Update

What edshelf and #saveedshelf Tells Us about the Strange School Market for Tech

Despite a wave of social media calls to save the site, edshelf is set to close on July 25.

Despite a wave of social media calls to save the site, edshelf is set to close on July 25.

The story of edshelf, a site that aimed to organize and offer teacher reviews of apps and digital tools available to educators, is a valuable one for any tech firm eyeing the school market.

The startup was built with the best intentions – to fill the need of teachers and administrators trying to organize their own tech needs.

In numbers released just last month, 80 percent of teachers said that one of the challenges was finding the time to find tools that aligned to curriculum standards. This is what edshelf hoped to address.

So the need was there, but where edshelf struggled was in its business plans, says the site’s leader Mike Lee.

“The most important thing for an edtech company is to make sure you’re building a product that has a way to sustain itself,” Lee told EdSurge earlier this month. “In our case, we were building a platform business that took too much time to find a revenue model.”

By the end of June it had run out of options and announced on July 2 that it would close down later this month.

“[T]he costs of running our service have depleted the company’s and our personal savings,” Lee wrote. “We looked into everything we could to keep edshelf going, but unfortunately none of them worked out. We failed you, and we are truly sorry.”

In retrospect, Lee said that it was important that the site consider tools and features that could have been more clearly tied to revenue streams and not just the needs of teachers.

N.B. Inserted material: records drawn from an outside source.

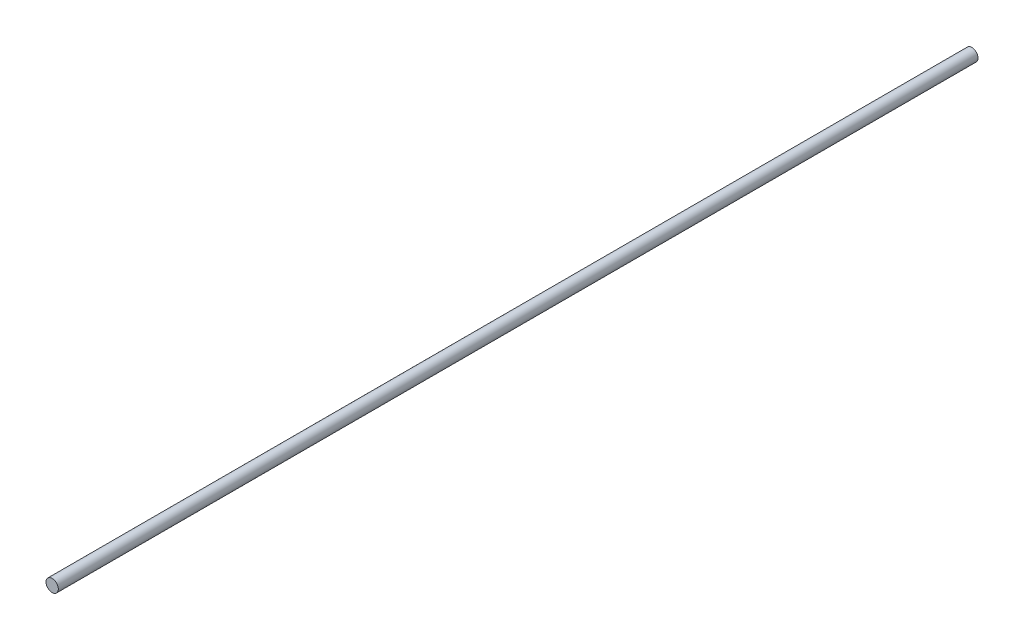
ISO-10303-21;
HEADER;
FILE_DESCRIPTION(('STEP AP214'),'2;1');
FILE_NAME('part.step','',(''),(''),'','','');
FILE_SCHEMA(('AUTOMOTIVE_DESIGN { 1 0 10303 214 1 1 1 1 }'));
ENDSEC;
DATA;
#1=APPLICATION_CONTEXT('core data for automotive mechanical design processes');
#2=APPLICATION_PROTOCOL_DEFINITION('international standard','automotive_design',2000,#1);
#3=PRODUCT_CONTEXT('',#1,'mechanical');
#4=PRODUCT('Part','Part','',(#3));
#5=PRODUCT_RELATED_PRODUCT_CATEGORY('part','',(#4));
#6=PRODUCT_DEFINITION_FORMATION('','',#4);
#7=PRODUCT_DEFINITION_CONTEXT('part definition',#1,'design');
#8=PRODUCT_DEFINITION('design','',#6,#7);
#9=PRODUCT_DEFINITION_SHAPE('','',#8);
#10=(LENGTH_UNIT() NAMED_UNIT(*) SI_UNIT(.MILLI.,.METRE.));
#11=(NAMED_UNIT(*) PLANE_ANGLE_UNIT() SI_UNIT($,.RADIAN.));
#12=(NAMED_UNIT(*) SI_UNIT($,.STERADIAN.) SOLID_ANGLE_UNIT());
#13=UNCERTAINTY_MEASURE_WITH_UNIT(LENGTH_MEASURE(1.E-05),#10,'distance_accuracy_value','');
#14=(GEOMETRIC_REPRESENTATION_CONTEXT(3) GLOBAL_UNCERTAINTY_ASSIGNED_CONTEXT((#13)) GLOBAL_UNIT_ASSIGNED_CONTEXT((#10,
#11,#12)) REPRESENTATION_CONTEXT('',''));
#15=CARTESIAN_POINT('',(0.,0.,0.));
#16=DIRECTION('',(0.,0.,1.));
#17=DIRECTION('',(1.,0.,0.));
#18=AXIS2_PLACEMENT_3D('',#15,#16,#17);
#19=CARTESIAN_POINT('',(0.,0.,825.5));
#20=DIRECTION('',(0.,0.,-1.));
#21=DIRECTION('',(-1.,0.,0.));
#22=AXIS2_PLACEMENT_3D('',#19,#20,#21);
#23=CYLINDRICAL_SURFACE('',#22,11.049);
#24=CARTESIAN_POINT('',(0.,0.,825.5));
#25=DIRECTION('',(0.,0.,1.));
#26=DIRECTION('',(1.,0.,0.));
#27=AXIS2_PLACEMENT_3D('',#24,#25,#26);
#28=CIRCLE('',#27,11.049);
#29=CARTESIAN_POINT('',(11.049,0.,825.5));
#30=VERTEX_POINT('',#29);
#31=EDGE_CURVE('E10',#30,#30,#28,.T.);
#32=ORIENTED_EDGE('',*,*,#31,.F.);
#33=EDGE_LOOP('',(#32));
#34=FACE_BOUND('',#33,.T.);
#35=CARTESIAN_POINT('',(0.,0.,-825.5));
#36=DIRECTION('',(0.,0.,1.));
#37=DIRECTION('',(1.,0.,0.));
#38=AXIS2_PLACEMENT_3D('',#35,#36,#37);
#39=CIRCLE('',#38,11.049);
#40=CARTESIAN_POINT('',(11.049,0.,-825.5));
#41=VERTEX_POINT('',#40);
#42=EDGE_CURVE('E37',#41,#41,#39,.T.);
#43=ORIENTED_EDGE('',*,*,#42,.T.);
#44=EDGE_LOOP('',(#43));
#45=FACE_BOUND('',#44,.T.);
#46=ADVANCED_FACE('F34',(#34,#45),#23,.T.);
#47=CARTESIAN_POINT('',(0.,0.,825.5));
#48=DIRECTION('',(0.,0.,1.));
#49=DIRECTION('',(1.,0.,0.));
#50=AXIS2_PLACEMENT_3D('',#47,#48,#49);
#51=PLANE('',#50);
#52=ORIENTED_EDGE('',*,*,#31,.T.);
#53=EDGE_LOOP('',(#52));
#54=FACE_BOUND('',#53,.T.);
#55=ADVANCED_FACE('F49',(#54),#51,.T.);
#56=CARTESIAN_POINT('',(0.,0.,-825.5));
#57=DIRECTION('',(0.,0.,1.));
#58=DIRECTION('',(1.,0.,0.));
#59=AXIS2_PLACEMENT_3D('',#56,#57,#58);
#60=PLANE('',#59);
#61=ORIENTED_EDGE('',*,*,#42,.F.);
#62=EDGE_LOOP('',(#61));
#63=FACE_BOUND('',#62,.T.);
#64=ADVANCED_FACE('F47',(#63),#60,.F.);
#65=CLOSED_SHELL('',(#46,#55,#64));
#66=MANIFOLD_SOLID_BREP('B2',#65);
#67=ADVANCED_BREP_SHAPE_REPRESENTATION('',(#18,#66),#14);
#68=SHAPE_DEFINITION_REPRESENTATION(#9,#67);
ENDSEC;
END-ISO-10303-21;

But a funny thing happened on the way to the Internet Archive. Twitter cooked up with teachers and administrators who did not want to lose the service that edshelf offered.

It started with an interesting post from someone who sells edtech and wanted to see edshelf live on because it helped him do his job. But his plea to save edshelf was mixed with a frustration about the edtech market.

“Educators, you can’t have it both ways, you can’t complain about pushy sales people or bad products when you’re not supporting the kind of model that can, and will, make it easier for the good suppliers and harder for the inefficient ones,” William Jenkins wrote on his blog Tech Stories

And then Alicia Leonard got involved. A tech savvy teacher, Leonard seemed to answer Jenkins call to support tools that help her teach by launching the #saveedshelf campaign on Twitter

In a really interesting post about the evolution of her thinking about the effort, Leonard explained she started the Twitter effort because “edshelf is for educators and the reviews are by educators – people who have actually used these products and tools and can tell you how they work in the classroom.  But to save this resource, we, as educators, have to make some noise and draw some attention.”

The campaign has started to draw some support from others in the edtech space.

Eric Sheninger, a principal who has also authored the book Digital Leadership about education and technology, chimed in with his own plea to save edshelf.

“It is my hope that this post will empower you to take a moment to log onto EdShelf and review some products to see if an increase in traffic might generate some investor inquiries for this start-up,” wrote over the weekend

Where the edshelf effort will lead is still to be determined, but what is interesting is to step back and examine what is happening.

Lee himself said the site did not have a sound enough business plan to ensure stability, but his effort was always the altruistic effort to help teachers.

Now teachers and some edtech experts are leading the way to find a way to support the edshelf project. The audience for the project is seeking a business plan to sustain what it needs.

For those who want to make tools for teachers what happens to edshelf and the #saveedshelf effort could be an interesting experiment in a tool building a business model due to its necessity or another example of an edtech startup failing to find a business to serve schools.

The Tweets make clear there is a community that supports edshelf’s mission. The question is whether that will turn into a business model to sustainability.